** Problem **
Pull every line with "sheet" from the data.

(Dataset entries)
=== Begin Enclosure ===

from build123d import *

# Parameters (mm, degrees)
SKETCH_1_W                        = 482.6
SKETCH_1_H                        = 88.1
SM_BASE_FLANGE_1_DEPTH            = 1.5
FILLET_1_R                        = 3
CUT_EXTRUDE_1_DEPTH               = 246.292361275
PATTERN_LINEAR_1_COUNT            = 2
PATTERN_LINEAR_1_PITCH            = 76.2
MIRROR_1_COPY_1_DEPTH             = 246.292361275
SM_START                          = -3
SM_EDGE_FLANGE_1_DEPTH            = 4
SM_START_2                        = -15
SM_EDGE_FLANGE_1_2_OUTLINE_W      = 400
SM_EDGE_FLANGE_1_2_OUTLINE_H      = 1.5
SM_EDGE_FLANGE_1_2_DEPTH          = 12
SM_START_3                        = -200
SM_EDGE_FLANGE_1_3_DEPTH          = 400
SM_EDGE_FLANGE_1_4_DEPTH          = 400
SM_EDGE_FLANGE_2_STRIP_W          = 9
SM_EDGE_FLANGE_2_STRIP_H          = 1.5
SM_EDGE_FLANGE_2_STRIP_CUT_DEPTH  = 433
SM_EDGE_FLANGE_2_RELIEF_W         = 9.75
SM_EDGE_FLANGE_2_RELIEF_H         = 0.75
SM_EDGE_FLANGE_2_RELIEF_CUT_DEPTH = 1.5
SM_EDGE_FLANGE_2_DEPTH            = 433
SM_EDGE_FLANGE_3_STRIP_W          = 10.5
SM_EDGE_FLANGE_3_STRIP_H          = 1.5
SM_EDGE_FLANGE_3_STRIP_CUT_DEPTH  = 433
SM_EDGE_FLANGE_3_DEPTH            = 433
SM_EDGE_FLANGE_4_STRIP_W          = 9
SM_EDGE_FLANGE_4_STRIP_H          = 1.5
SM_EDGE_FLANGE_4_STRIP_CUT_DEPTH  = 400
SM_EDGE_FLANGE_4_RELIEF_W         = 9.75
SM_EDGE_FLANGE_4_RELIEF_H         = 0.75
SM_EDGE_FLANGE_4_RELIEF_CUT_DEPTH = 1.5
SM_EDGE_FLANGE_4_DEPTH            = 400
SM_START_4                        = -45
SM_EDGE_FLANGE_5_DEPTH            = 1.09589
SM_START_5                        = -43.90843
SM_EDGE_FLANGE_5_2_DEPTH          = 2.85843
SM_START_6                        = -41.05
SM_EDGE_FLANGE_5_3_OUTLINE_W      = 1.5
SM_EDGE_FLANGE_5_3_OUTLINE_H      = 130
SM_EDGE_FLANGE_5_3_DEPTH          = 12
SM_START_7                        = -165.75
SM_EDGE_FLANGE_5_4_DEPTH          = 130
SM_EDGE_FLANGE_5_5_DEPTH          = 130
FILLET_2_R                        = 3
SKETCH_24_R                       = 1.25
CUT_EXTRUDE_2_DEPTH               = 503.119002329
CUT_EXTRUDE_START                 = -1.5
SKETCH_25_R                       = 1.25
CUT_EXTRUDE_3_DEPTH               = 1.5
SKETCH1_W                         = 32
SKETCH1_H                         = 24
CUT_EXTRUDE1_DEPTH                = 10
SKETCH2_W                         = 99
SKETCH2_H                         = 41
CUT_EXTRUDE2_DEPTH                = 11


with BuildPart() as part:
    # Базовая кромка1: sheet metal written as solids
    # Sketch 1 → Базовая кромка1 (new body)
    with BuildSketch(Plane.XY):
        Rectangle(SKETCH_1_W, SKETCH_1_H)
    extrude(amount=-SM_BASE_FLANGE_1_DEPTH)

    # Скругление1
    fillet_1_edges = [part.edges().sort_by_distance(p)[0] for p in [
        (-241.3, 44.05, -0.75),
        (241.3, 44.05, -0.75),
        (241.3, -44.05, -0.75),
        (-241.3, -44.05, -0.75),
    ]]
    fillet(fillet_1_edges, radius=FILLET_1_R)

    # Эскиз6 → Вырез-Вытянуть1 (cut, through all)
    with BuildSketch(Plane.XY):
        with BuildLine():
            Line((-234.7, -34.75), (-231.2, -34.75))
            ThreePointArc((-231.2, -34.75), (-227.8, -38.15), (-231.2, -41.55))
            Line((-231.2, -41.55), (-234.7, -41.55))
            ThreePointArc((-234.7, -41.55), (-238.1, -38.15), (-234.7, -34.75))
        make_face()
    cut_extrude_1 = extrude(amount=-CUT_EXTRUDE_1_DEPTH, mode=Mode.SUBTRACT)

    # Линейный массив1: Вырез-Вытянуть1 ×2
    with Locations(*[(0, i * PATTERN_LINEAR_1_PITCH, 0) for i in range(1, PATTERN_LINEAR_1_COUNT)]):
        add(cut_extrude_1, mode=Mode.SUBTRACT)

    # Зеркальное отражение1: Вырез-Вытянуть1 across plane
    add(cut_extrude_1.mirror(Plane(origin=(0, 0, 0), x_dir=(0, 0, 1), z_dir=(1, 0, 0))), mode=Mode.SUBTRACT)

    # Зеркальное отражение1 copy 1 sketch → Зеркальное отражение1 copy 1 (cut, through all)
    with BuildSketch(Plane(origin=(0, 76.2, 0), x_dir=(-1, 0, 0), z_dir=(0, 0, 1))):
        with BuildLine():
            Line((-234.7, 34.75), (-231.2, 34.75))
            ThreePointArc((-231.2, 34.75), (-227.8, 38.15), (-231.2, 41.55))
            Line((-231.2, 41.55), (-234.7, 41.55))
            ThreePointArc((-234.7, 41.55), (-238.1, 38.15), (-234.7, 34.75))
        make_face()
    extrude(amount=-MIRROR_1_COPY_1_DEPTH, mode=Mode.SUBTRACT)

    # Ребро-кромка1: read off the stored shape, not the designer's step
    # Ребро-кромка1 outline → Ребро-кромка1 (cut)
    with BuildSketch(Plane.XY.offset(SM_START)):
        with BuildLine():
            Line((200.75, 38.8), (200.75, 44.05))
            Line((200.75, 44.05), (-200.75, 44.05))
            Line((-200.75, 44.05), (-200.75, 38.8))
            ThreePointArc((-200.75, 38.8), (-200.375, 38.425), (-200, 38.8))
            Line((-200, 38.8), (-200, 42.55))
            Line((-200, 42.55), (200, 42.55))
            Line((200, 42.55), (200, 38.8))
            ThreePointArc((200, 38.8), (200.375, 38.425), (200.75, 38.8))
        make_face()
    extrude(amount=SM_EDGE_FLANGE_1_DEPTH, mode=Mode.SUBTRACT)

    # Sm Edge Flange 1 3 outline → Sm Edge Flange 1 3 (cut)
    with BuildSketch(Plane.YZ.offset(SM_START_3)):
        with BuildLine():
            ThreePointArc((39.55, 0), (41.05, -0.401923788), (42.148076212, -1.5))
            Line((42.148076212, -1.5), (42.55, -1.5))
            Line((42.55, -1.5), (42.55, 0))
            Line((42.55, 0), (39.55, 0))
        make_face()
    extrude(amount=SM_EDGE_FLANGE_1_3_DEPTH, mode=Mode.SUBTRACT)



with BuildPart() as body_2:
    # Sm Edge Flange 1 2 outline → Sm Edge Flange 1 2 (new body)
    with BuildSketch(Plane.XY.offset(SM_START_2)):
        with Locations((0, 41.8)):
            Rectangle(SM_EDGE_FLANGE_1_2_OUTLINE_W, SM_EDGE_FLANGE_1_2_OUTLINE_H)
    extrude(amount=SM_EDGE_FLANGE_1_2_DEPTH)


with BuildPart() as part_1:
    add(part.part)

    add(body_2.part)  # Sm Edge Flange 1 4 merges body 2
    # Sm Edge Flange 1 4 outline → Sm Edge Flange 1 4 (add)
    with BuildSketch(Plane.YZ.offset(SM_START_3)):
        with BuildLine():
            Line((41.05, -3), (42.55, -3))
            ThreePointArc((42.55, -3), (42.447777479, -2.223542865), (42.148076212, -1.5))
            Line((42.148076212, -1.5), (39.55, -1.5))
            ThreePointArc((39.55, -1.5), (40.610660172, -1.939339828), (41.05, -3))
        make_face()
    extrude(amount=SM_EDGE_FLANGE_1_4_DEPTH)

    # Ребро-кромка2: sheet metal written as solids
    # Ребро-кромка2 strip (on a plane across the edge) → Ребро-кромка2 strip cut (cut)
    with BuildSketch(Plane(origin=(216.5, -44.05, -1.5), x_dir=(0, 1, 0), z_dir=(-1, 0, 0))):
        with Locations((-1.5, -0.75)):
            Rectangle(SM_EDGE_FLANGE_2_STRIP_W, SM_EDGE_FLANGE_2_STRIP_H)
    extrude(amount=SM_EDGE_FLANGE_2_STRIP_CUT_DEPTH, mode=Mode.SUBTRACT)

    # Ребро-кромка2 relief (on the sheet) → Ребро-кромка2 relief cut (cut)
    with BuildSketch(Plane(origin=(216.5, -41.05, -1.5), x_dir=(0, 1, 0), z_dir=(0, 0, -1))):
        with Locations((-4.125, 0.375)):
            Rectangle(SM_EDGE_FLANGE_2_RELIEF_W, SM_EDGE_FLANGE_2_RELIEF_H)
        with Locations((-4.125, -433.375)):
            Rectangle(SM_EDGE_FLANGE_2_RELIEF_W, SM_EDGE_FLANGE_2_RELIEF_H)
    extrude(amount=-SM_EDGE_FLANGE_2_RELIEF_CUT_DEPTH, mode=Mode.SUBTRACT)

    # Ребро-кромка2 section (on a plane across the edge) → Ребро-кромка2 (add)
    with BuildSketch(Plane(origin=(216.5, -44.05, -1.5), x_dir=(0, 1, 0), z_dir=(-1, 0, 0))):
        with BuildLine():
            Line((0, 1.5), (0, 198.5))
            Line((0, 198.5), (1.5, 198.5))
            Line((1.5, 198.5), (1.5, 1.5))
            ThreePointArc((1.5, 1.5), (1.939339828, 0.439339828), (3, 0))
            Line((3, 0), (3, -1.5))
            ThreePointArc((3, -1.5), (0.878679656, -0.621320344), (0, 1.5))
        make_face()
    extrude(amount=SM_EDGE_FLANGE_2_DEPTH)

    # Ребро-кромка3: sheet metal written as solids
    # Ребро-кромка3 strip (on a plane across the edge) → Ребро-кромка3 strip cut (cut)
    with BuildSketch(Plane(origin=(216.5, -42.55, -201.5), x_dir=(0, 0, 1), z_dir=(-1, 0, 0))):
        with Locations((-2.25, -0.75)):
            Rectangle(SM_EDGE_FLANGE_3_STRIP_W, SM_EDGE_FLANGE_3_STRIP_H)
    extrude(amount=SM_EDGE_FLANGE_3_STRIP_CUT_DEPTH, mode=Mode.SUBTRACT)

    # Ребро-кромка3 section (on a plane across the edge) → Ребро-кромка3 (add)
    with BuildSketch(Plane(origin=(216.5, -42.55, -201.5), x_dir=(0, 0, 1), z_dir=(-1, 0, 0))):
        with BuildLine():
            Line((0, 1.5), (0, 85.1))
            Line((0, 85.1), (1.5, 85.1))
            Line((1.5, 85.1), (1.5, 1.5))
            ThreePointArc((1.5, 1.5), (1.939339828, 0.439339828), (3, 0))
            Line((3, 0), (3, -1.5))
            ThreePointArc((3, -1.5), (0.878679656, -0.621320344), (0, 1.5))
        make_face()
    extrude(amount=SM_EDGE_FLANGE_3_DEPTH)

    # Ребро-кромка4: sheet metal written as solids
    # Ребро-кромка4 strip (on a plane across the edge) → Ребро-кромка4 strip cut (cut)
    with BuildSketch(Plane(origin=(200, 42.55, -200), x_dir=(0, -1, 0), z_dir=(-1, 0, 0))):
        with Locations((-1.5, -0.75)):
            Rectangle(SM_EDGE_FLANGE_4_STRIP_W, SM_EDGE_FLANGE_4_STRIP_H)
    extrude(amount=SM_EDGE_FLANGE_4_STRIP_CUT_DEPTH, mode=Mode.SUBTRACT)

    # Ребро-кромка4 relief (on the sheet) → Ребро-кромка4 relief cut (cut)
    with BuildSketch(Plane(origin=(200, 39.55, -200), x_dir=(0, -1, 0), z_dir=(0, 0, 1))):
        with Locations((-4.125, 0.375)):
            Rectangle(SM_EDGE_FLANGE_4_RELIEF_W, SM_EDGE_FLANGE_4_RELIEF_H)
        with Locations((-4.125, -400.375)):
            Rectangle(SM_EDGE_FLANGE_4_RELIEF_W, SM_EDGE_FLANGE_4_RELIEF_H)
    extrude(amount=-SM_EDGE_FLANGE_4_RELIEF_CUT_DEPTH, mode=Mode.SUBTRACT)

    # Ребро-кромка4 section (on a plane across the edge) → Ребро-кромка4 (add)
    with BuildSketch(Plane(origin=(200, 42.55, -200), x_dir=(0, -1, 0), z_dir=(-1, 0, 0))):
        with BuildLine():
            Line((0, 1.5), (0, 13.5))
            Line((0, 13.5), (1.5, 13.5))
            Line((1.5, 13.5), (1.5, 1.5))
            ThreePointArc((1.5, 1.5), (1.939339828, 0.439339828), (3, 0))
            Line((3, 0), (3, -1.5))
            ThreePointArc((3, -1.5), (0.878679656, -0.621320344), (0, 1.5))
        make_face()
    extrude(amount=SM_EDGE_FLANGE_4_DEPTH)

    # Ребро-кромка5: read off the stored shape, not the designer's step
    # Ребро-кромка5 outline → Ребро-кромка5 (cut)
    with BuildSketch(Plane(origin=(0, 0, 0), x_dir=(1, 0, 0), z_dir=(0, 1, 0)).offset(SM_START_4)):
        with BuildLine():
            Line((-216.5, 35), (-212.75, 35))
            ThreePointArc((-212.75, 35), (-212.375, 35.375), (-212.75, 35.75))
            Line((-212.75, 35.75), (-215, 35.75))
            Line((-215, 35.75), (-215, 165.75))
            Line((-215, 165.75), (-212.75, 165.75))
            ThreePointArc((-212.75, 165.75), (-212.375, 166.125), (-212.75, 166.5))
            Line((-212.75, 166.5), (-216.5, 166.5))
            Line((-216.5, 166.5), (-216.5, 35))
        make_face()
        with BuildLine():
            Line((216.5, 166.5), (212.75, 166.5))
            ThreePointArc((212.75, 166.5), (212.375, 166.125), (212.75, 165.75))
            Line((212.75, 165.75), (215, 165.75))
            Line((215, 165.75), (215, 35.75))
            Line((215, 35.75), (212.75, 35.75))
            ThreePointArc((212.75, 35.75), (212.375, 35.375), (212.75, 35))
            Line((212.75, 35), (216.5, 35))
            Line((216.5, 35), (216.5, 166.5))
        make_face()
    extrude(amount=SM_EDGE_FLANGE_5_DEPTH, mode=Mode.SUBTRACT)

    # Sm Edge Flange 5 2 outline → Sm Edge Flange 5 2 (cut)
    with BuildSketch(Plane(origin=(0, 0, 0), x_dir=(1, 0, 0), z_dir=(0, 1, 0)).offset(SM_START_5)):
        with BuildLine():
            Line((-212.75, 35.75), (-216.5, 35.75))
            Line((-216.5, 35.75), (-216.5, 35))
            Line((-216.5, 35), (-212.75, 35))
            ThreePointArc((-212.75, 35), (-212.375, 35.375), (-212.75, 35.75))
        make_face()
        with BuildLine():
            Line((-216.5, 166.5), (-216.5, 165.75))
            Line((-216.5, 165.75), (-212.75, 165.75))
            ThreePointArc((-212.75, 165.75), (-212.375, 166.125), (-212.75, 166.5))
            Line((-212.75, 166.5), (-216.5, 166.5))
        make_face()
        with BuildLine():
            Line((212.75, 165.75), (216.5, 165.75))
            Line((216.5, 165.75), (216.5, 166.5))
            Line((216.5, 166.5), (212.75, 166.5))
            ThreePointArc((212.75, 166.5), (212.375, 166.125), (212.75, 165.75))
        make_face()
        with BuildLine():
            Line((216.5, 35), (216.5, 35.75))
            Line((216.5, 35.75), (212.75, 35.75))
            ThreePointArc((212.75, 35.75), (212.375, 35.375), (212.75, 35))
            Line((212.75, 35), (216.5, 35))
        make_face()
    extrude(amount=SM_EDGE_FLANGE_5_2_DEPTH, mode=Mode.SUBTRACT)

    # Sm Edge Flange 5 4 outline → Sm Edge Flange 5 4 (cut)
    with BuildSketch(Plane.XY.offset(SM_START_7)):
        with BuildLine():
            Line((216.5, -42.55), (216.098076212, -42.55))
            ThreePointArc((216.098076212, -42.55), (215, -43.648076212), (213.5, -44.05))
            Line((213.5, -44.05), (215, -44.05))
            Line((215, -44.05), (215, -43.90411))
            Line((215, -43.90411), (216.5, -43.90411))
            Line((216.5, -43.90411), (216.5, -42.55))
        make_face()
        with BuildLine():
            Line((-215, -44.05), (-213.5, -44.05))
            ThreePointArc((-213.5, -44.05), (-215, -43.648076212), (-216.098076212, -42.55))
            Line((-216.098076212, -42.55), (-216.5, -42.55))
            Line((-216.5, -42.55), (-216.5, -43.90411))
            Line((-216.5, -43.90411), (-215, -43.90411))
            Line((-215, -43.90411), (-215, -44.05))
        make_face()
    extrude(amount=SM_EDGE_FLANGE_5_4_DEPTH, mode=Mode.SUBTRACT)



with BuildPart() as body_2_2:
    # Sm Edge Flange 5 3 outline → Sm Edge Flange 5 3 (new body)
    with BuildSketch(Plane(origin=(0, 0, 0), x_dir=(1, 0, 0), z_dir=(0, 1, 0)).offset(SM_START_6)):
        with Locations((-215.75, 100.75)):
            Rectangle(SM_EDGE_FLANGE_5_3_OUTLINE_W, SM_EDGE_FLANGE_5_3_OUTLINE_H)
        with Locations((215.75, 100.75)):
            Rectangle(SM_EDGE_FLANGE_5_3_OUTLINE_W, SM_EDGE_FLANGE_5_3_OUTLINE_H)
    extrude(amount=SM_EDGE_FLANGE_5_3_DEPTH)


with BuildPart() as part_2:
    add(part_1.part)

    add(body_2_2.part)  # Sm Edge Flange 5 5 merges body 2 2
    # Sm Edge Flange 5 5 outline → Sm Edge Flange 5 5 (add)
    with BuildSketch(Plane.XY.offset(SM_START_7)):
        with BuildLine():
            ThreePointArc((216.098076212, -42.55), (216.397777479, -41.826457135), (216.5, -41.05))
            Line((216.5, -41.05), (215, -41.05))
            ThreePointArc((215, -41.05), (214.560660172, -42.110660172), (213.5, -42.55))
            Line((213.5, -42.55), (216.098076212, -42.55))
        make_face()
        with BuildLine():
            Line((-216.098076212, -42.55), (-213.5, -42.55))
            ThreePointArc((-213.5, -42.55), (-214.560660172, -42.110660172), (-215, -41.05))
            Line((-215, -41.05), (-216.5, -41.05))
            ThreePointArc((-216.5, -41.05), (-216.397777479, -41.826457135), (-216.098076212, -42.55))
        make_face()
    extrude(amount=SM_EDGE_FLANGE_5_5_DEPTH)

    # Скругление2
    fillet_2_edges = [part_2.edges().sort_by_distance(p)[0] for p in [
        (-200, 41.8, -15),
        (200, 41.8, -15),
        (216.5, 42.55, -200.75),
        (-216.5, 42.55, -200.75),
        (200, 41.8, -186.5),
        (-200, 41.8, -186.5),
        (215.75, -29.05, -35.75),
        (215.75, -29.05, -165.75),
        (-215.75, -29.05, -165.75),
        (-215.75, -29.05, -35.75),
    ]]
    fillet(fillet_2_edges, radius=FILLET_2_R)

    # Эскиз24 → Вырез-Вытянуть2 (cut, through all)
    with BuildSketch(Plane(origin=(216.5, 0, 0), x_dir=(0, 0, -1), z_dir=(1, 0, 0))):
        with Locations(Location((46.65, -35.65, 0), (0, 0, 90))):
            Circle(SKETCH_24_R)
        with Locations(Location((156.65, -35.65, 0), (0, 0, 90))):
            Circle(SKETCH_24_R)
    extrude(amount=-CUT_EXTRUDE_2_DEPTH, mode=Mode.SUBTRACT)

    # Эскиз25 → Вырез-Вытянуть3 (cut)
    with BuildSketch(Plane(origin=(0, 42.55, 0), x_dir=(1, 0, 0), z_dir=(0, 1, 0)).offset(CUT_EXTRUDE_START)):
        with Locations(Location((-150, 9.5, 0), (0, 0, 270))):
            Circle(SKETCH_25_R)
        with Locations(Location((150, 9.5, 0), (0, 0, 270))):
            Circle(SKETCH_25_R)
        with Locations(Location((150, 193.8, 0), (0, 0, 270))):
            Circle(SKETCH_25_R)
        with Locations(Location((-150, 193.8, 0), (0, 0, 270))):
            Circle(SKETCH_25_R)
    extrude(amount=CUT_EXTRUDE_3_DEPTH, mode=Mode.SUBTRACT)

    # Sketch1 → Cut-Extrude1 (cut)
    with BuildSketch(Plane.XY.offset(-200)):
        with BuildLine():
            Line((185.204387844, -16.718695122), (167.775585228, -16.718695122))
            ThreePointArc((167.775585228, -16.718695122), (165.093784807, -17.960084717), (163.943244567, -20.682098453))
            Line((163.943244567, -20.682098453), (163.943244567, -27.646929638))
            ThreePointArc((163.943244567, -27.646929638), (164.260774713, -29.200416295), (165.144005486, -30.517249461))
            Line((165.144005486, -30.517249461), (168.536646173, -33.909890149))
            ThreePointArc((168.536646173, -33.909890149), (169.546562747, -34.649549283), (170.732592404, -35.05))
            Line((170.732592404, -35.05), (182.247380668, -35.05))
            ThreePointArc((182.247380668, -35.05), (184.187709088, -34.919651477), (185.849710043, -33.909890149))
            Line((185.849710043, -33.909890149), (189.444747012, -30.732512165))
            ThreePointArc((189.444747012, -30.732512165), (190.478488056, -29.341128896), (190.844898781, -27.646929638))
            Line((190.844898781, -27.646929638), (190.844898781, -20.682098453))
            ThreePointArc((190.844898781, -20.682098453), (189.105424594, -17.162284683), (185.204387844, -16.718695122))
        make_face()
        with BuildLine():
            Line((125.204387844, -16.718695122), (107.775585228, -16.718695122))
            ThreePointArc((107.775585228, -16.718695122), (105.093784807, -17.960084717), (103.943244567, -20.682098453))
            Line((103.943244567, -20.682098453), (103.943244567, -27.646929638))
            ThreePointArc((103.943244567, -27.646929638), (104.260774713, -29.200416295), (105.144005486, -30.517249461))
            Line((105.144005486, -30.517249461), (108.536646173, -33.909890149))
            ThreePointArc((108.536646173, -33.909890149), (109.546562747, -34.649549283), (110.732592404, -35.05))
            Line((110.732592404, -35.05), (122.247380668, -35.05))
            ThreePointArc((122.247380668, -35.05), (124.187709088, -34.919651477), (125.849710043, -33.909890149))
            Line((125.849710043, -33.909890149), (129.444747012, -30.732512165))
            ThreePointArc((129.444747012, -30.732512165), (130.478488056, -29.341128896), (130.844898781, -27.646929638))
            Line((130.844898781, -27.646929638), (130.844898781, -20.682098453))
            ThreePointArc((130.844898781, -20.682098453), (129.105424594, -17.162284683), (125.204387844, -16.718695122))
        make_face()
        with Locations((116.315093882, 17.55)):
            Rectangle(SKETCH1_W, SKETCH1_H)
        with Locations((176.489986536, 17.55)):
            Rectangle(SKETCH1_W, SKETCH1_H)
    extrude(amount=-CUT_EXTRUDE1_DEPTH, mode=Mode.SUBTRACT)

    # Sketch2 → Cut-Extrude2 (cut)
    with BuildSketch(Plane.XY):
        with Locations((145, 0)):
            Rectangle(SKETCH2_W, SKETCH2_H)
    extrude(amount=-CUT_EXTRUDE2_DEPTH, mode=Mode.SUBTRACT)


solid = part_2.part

=== End Enclosure ===

** Answer section **
    # Базовая кромка1: sheet metal written as solids
    # Ребро-кромка2: sheet metal written as solids
    # Ребро-кромка2 relief (on the sheet) → Ребро-кромка2 relief cut (cut)
    # Ребро-кромка3: sheet metal written as solids
    # Ребро-кромка4: sheet metal written as solids
    # Ребро-кромка4 relief (on the sheet) → Ребро-кромка4 relief cut (cut)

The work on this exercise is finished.